TASK PROMPT
Would you repeat exactly the part of the listing below that runs from the line containing "#68=LINE('',#67,#66);" down to the line containing "#81=ORIENTED_EDGE('',*,*,#80,.T.);", inclusive, and nothing else?

SOURCE RECORDS
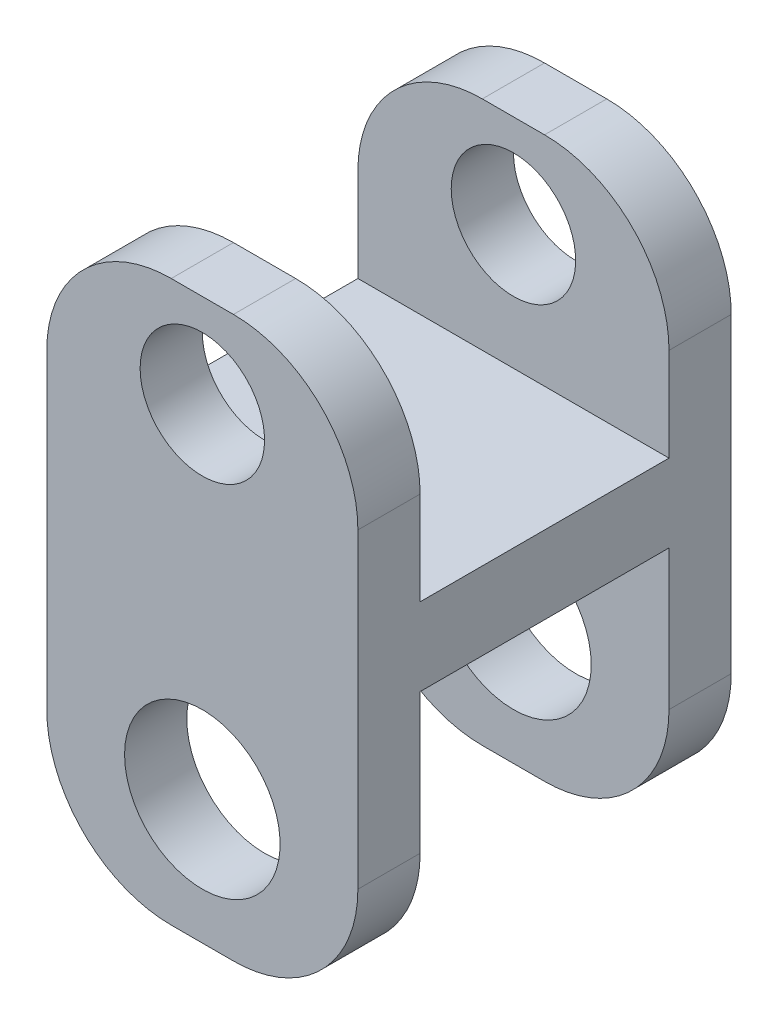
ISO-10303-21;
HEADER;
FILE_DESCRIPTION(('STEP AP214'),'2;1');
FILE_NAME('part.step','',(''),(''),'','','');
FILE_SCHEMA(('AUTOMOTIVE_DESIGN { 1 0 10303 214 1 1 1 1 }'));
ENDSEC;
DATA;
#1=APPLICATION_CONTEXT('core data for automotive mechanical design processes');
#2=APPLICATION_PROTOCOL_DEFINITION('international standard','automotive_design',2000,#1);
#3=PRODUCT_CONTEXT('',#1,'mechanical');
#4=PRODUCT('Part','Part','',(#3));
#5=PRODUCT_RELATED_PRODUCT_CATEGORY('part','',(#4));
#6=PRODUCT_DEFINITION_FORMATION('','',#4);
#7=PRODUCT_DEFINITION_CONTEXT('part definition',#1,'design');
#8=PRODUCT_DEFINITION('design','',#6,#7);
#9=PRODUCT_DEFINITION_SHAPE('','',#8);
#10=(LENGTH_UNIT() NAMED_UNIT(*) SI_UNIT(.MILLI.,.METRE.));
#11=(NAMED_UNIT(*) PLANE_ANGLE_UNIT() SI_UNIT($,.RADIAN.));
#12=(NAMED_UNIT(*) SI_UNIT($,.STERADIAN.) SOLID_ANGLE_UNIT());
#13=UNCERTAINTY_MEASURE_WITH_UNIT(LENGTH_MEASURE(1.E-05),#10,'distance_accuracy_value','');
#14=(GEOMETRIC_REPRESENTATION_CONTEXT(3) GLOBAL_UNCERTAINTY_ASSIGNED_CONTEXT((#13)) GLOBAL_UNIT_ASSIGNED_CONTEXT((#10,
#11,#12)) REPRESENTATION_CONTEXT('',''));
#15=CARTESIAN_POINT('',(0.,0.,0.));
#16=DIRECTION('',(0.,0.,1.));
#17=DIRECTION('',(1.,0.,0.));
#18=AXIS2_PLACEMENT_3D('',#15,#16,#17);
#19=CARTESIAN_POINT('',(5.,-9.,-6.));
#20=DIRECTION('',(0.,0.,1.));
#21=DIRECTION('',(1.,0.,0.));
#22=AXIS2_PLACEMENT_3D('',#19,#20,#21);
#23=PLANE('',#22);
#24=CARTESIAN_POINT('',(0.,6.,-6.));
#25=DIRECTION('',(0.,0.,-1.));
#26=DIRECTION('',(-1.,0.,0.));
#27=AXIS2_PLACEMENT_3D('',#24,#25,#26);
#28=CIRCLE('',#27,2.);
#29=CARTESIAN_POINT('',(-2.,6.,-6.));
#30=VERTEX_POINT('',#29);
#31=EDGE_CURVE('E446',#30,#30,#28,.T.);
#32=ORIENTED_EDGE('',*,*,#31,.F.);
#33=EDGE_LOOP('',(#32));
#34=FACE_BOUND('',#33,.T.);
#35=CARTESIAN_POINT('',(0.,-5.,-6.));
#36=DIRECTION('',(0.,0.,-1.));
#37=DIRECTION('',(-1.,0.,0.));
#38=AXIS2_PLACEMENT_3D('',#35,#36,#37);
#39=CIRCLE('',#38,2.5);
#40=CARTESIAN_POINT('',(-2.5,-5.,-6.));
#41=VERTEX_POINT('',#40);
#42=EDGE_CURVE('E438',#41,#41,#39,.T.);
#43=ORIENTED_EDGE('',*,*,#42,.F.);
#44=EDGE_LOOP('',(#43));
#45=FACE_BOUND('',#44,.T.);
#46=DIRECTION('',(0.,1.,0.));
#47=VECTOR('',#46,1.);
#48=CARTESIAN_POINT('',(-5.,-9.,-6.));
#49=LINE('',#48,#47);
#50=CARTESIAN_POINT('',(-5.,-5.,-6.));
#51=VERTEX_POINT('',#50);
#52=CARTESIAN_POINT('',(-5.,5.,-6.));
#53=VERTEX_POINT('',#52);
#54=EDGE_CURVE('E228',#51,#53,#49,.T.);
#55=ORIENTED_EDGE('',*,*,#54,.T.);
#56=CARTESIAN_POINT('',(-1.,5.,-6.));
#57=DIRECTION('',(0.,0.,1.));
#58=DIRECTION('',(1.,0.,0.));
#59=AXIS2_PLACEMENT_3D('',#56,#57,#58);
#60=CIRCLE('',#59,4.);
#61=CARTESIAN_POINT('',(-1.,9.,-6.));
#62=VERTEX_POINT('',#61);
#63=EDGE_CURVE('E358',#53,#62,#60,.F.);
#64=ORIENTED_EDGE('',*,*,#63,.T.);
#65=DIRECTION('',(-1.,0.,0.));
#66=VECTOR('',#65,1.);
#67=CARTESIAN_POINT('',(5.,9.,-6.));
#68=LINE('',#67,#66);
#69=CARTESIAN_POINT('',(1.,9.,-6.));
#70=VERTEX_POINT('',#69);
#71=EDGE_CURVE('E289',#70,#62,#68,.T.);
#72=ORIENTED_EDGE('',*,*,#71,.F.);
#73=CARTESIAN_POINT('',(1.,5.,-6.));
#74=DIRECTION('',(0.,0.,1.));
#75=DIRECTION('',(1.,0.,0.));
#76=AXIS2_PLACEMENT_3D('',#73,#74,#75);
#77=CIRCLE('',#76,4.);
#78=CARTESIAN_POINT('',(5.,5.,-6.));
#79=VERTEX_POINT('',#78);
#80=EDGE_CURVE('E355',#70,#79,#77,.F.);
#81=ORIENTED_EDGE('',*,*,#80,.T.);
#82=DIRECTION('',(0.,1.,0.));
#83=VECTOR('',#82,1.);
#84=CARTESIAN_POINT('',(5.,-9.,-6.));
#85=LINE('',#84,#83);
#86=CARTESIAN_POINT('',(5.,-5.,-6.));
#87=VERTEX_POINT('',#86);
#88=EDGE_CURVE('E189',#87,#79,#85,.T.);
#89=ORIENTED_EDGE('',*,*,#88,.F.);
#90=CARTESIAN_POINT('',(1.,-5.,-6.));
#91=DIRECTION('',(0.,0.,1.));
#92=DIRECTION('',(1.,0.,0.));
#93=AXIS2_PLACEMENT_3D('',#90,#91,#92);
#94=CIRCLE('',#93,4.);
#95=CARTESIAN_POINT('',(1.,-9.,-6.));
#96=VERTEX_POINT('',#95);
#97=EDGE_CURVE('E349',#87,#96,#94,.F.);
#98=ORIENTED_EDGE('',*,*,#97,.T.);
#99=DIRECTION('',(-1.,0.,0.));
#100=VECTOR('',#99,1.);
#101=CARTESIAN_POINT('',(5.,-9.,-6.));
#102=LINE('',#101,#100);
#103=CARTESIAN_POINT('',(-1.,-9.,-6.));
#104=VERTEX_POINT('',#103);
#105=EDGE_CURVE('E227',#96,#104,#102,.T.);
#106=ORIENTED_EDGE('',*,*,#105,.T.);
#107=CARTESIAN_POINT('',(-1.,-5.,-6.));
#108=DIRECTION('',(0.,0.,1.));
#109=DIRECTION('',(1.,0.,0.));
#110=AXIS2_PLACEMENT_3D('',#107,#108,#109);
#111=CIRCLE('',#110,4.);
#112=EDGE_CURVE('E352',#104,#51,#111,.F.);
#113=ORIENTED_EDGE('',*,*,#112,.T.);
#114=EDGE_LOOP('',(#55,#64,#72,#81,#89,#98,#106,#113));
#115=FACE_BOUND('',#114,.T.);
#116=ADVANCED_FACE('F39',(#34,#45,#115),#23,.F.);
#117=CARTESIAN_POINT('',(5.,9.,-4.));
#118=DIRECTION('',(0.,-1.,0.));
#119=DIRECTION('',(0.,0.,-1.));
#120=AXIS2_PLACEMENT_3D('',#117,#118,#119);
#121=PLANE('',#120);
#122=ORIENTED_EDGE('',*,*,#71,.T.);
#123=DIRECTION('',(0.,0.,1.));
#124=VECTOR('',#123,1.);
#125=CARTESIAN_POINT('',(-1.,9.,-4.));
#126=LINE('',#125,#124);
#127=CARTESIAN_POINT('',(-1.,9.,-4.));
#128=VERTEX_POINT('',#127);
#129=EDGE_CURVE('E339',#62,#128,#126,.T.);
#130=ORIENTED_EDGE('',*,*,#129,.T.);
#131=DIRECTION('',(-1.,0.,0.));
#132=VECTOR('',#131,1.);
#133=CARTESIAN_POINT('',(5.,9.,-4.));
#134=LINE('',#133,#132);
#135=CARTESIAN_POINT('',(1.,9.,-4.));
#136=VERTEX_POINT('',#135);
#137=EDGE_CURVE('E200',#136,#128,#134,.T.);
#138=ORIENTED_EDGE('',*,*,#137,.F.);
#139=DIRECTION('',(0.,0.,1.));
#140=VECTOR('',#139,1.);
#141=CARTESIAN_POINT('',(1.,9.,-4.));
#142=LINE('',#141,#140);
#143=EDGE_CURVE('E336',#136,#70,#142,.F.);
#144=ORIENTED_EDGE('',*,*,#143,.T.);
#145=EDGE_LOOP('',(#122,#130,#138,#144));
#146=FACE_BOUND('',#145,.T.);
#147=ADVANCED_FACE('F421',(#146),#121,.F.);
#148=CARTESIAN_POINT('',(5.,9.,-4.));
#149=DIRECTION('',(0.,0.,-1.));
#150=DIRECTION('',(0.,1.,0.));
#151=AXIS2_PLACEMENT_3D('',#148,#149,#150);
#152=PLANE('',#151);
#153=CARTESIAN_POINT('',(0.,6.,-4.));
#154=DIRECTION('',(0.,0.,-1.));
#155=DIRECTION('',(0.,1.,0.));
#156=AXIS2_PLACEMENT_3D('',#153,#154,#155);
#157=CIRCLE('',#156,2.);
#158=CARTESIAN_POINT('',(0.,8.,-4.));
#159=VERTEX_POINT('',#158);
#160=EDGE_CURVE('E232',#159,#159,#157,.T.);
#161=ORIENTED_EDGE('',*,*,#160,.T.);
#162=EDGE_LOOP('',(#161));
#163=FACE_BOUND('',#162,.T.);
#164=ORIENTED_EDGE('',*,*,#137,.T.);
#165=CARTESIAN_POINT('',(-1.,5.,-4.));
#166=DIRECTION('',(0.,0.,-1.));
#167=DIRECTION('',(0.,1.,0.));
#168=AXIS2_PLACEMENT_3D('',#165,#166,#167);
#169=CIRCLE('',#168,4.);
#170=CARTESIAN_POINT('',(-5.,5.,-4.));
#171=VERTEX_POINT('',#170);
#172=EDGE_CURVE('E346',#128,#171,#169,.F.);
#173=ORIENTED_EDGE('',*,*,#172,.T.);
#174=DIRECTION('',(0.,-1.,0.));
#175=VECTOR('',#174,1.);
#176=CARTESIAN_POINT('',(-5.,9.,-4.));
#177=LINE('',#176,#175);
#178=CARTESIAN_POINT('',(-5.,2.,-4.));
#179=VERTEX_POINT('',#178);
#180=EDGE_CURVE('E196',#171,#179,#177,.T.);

WRITTEN RESPONSE
#68=LINE('',#67,#66);
#69=CARTESIAN_POINT('',(1.,9.,-6.));
#70=VERTEX_POINT('',#69);
#71=EDGE_CURVE('E289',#70,#62,#68,.T.);
#72=ORIENTED_EDGE('',*,*,#71,.F.);
#73=CARTESIAN_POINT('',(1.,5.,-6.));
#74=DIRECTION('',(0.,0.,1.));
#75=DIRECTION('',(1.,0.,0.));
#76=AXIS2_PLACEMENT_3D('',#73,#74,#75);
#77=CIRCLE('',#76,4.);
#78=CARTESIAN_POINT('',(5.,5.,-6.));
#79=VERTEX_POINT('',#78);
#80=EDGE_CURVE('E355',#70,#79,#77,.F.);
#81=ORIENTED_EDGE('',*,*,#80,.T.);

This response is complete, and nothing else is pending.